[Your objective]
Looking at the listing below, retype exactly the lines starting at the one containing "line L1 (25, -51.175) -> (-25, -51.175)" and ending at the one containing "line L1 (-21.825, 48)", both included, and nothing else.

[Input for this task]

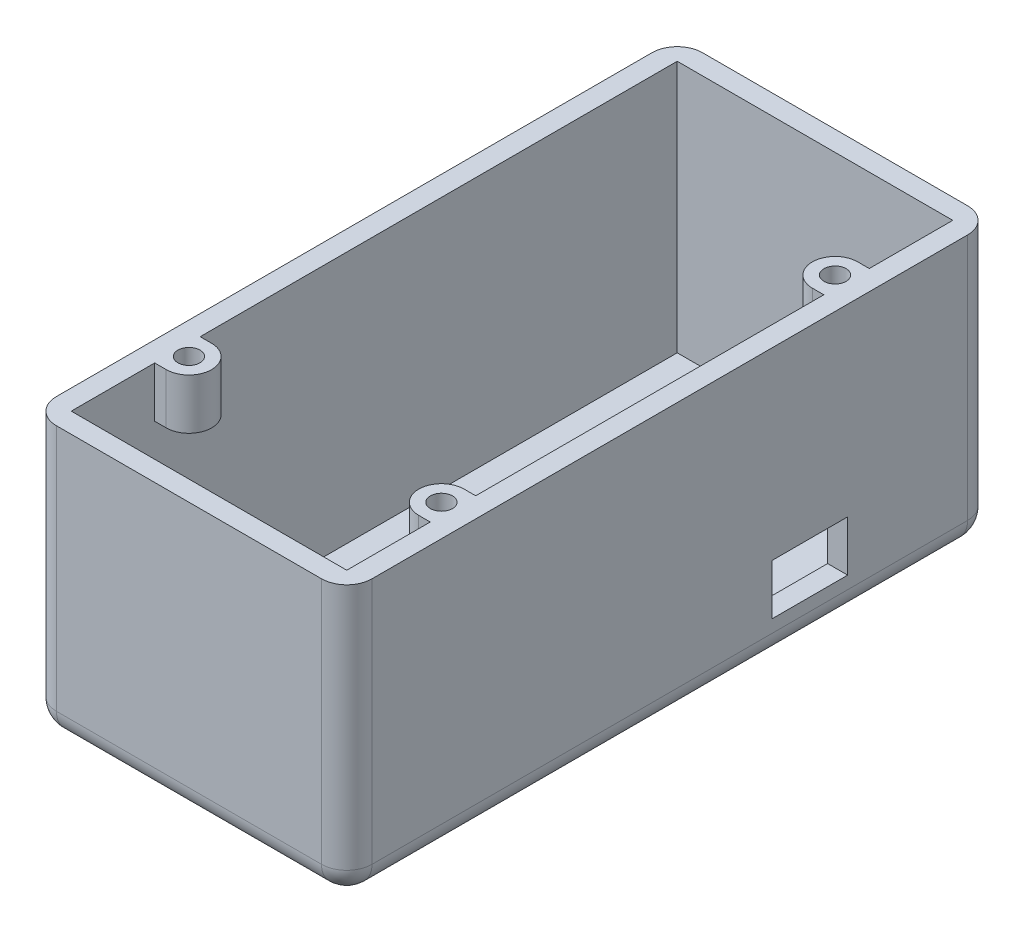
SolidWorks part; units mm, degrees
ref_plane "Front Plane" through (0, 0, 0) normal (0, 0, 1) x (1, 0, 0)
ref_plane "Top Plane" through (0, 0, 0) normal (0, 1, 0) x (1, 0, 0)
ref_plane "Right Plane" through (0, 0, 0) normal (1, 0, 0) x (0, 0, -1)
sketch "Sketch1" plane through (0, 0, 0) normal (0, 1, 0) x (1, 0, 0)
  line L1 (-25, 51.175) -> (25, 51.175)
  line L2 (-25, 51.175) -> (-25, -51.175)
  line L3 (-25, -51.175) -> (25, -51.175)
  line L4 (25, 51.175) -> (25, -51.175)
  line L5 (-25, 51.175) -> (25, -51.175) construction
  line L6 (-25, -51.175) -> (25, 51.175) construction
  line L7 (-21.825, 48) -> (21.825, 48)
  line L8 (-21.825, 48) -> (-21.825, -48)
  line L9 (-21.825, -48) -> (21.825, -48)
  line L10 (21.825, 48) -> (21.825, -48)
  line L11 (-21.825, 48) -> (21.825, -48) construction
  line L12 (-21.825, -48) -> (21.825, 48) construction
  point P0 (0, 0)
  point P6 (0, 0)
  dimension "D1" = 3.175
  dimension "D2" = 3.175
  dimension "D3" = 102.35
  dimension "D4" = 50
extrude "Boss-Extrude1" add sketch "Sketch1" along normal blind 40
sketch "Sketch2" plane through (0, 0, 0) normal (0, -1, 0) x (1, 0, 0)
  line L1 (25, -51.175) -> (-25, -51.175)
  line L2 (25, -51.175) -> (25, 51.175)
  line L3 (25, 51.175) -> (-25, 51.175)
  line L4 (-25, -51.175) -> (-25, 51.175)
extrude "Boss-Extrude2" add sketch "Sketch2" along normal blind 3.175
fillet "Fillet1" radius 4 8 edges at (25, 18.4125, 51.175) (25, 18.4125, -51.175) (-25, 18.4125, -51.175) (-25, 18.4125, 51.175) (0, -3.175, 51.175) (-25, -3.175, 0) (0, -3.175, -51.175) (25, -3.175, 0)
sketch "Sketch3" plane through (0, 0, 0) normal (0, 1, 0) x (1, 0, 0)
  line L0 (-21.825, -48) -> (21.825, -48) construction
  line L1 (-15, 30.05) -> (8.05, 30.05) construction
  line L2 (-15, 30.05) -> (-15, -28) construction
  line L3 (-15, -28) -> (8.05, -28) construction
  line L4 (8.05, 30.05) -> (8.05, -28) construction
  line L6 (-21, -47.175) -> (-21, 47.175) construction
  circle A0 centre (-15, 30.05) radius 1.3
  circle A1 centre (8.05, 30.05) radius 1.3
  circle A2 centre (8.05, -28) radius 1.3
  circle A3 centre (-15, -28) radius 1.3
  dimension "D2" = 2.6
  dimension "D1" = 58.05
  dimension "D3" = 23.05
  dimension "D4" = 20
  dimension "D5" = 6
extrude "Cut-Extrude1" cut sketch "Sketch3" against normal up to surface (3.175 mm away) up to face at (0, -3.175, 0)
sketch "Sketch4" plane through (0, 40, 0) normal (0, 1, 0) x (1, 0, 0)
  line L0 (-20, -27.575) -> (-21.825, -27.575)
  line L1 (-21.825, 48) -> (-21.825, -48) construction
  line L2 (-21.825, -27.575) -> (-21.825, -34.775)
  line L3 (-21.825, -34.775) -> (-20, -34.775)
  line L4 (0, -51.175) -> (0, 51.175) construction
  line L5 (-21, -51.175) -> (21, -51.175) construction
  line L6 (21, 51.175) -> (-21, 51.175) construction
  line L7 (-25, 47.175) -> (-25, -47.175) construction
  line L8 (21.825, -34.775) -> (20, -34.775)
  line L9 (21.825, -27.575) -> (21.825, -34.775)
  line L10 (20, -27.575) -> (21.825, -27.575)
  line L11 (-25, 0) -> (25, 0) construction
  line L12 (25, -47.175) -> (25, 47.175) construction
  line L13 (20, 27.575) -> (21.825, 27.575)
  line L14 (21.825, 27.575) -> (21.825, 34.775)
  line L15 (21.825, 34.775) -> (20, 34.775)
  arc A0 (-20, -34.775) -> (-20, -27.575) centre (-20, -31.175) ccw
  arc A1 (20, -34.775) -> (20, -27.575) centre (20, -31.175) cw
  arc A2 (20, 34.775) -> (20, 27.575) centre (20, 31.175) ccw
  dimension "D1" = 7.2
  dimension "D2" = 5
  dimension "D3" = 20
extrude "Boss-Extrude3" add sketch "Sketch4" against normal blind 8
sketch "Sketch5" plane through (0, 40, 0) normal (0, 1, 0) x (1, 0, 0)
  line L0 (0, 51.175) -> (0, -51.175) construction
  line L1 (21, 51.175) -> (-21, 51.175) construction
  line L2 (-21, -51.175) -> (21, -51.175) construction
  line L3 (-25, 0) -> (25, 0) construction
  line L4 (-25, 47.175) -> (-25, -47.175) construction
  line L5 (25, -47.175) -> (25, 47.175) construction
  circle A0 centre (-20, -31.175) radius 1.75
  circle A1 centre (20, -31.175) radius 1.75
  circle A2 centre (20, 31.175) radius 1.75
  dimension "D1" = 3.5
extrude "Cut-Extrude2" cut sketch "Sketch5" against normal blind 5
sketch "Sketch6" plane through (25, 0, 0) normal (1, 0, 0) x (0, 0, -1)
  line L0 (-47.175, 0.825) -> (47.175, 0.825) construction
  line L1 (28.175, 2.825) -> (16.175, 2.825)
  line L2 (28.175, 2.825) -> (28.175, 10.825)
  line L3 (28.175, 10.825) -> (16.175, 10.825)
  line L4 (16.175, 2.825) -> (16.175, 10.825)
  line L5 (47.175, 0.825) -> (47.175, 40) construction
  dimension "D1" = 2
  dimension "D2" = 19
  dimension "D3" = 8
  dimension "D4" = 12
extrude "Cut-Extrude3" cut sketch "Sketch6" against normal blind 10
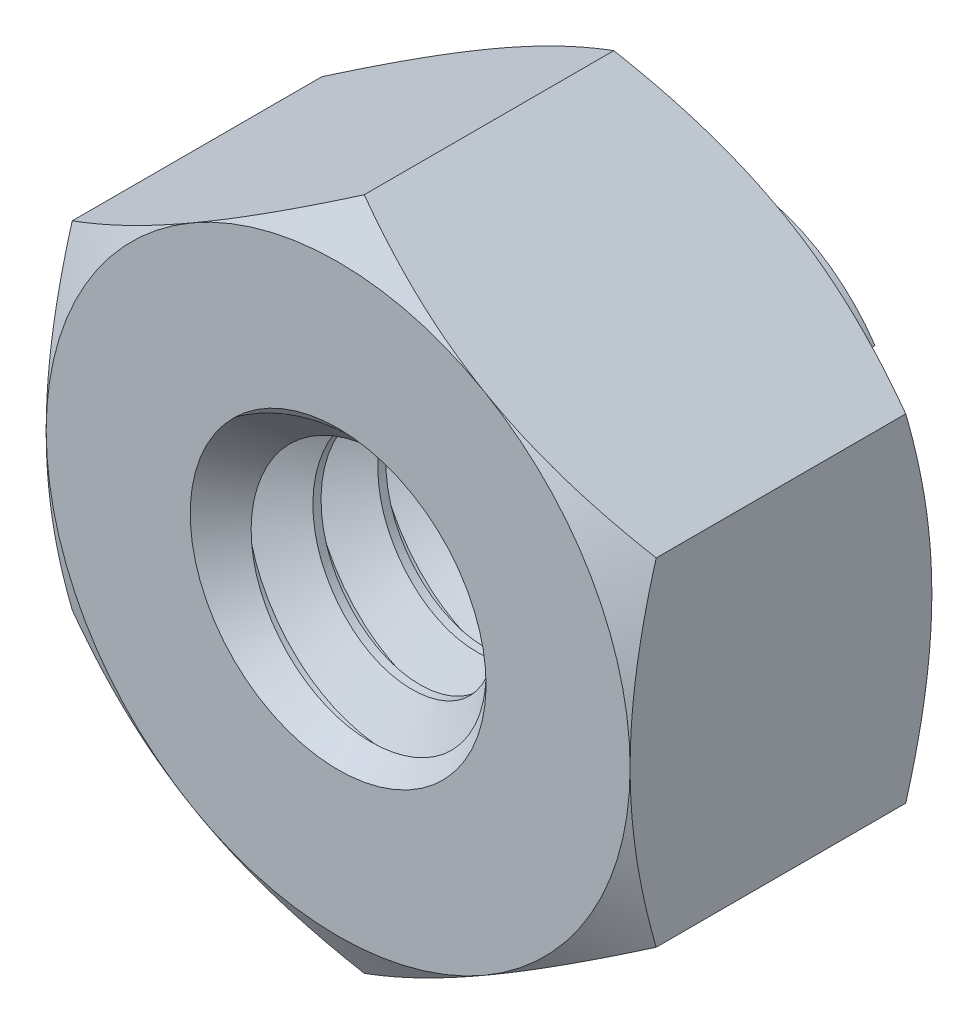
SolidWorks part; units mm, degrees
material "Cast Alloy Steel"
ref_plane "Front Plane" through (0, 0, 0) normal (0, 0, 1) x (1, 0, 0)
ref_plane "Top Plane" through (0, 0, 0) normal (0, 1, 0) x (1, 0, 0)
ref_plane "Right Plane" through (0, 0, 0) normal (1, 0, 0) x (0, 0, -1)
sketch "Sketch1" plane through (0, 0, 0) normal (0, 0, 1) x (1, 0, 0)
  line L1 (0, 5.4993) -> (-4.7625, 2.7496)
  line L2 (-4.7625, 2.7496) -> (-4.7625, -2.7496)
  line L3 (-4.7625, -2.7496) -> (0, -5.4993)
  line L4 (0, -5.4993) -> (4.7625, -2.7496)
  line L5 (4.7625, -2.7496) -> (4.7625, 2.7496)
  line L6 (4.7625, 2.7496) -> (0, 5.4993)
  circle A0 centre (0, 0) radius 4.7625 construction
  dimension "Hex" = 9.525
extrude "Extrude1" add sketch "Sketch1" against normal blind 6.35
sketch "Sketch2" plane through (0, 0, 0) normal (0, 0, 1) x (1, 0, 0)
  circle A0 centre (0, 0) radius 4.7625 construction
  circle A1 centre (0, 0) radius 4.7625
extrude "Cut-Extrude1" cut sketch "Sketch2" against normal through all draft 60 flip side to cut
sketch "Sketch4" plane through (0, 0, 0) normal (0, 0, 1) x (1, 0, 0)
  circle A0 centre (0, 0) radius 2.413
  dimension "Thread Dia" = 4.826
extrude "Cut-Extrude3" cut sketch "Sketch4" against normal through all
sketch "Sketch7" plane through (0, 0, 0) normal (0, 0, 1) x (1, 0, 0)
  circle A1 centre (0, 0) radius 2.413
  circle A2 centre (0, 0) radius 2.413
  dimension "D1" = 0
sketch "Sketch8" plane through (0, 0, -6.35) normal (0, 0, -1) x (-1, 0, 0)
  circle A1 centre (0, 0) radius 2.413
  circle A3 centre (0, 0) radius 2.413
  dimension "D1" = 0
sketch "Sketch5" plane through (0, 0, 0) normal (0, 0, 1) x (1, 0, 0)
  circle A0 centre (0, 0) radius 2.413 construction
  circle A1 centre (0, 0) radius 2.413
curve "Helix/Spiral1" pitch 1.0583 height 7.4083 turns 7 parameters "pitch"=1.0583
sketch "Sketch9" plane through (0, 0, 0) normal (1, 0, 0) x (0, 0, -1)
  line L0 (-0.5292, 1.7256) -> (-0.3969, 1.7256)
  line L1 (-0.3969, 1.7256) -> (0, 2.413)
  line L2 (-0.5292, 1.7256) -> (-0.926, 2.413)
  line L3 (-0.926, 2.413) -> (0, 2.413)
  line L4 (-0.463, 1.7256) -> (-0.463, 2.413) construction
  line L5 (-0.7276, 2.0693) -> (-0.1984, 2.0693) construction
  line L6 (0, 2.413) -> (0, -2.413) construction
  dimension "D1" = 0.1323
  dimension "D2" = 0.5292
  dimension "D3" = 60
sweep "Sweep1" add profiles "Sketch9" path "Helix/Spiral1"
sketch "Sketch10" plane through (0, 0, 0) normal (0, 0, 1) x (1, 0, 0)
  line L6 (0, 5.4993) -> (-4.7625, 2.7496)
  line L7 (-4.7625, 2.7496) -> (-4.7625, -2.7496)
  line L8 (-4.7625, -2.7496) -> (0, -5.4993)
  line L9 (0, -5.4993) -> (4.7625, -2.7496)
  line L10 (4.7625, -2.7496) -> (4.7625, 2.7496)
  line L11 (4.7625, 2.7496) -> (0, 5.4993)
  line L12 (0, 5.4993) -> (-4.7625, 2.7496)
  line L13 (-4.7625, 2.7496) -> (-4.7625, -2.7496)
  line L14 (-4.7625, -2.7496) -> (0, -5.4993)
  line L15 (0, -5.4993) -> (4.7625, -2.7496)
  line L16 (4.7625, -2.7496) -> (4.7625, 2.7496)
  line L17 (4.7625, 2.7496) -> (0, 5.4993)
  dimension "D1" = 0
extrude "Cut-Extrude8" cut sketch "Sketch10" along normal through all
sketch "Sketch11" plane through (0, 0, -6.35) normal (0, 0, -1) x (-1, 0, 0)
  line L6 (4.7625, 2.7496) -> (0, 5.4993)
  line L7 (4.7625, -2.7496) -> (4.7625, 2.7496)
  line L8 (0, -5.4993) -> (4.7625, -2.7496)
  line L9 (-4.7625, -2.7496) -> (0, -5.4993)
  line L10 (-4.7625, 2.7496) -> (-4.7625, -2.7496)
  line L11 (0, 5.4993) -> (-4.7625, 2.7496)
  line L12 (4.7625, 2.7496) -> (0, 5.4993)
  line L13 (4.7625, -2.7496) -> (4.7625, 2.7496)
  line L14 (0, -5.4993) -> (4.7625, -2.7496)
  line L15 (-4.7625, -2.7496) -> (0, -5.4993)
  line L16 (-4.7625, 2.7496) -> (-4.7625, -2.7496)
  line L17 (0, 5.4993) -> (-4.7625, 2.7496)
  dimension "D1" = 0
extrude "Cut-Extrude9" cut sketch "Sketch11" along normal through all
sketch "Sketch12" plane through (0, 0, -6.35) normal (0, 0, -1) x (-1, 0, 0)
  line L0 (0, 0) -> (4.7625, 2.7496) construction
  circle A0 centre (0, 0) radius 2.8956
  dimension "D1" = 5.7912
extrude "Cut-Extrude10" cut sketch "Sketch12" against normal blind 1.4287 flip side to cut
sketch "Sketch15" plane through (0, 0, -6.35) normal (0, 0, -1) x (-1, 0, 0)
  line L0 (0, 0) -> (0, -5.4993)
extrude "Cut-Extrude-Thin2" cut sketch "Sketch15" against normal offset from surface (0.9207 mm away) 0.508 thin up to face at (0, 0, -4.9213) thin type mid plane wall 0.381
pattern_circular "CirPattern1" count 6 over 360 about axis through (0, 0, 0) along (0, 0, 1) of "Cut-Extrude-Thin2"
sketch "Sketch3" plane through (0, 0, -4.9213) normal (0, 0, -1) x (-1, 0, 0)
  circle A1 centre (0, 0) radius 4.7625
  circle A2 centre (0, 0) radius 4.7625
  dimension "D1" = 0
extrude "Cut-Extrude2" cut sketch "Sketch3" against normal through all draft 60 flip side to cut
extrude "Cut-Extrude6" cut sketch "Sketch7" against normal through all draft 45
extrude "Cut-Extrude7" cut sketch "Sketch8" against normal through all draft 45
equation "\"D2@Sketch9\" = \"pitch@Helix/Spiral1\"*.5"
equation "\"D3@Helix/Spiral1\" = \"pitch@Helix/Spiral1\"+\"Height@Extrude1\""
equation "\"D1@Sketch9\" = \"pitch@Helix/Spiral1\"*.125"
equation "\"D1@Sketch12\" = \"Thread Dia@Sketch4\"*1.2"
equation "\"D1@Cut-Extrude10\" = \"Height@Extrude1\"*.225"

[Your response]
  line L1 (25, -51.175) -> (-25, -51.175)
  line L2 (25, -51.175) -> (25, 51.175)
  line L3 (25, 51.175) -> (-25, 51.175)
  line L4 (-25, -51.175) -> (-25, 51.175)
extrude "Boss-Extrude2" add sketch "Sketch2" along normal blind 3.175
fillet "Fillet1" radius 4 8 edges at (25, 18.4125, 51.175) (25, 18.4125, -51.175) (-25, 18.4125, -51.175) (-25, 18.4125, 51.175) (0, -3.175, 51.175) (-25, -3.175, 0) (0, -3.175, -51.175) (25, -3.175, 0)
sketch "Sketch3" plane through (0, 0, 0) normal (0, 1, 0) x (1, 0, 0)
  line L0 (-21.825, -48) -> (21.825, -48) construction
  line L1 (-15, 30.05) -> (8.05, 30.05) construction
  line L2 (-15, 30.05) -> (-15, -28) construction
  line L3 (-15, -28) -> (8.05, -28) construction
  line L4 (8.05, 30.05) -> (8.05, -28) construction
  line L6 (-21, -47.175) -> (-21, 47.175) construction
  circle A0 centre (-15, 30.05) radius 1.3
  circle A1 centre (8.05, 30.05) radius 1.3
  circle A2 centre (8.05, -28) radius 1.3
  circle A3 centre (-15, -28) radius 1.3
  dimension "D2" = 2.6
  dimension "D1" = 58.05
  dimension "D3" = 23.05
  dimension "D4" = 20
  dimension "D5" = 6
extrude "Cut-Extrude1" cut sketch "Sketch3" against normal up to surface (3.175 mm away) up to face at (0, -3.175, 0)
sketch "Sketch4" plane through (0, 40, 0) normal (0, 1, 0) x (1, 0, 0)
  line L0 (-20, -27.575) -> (-21.825, -27.575)
  line L1 (-21.825, 48) -> (-21.825, -48) construction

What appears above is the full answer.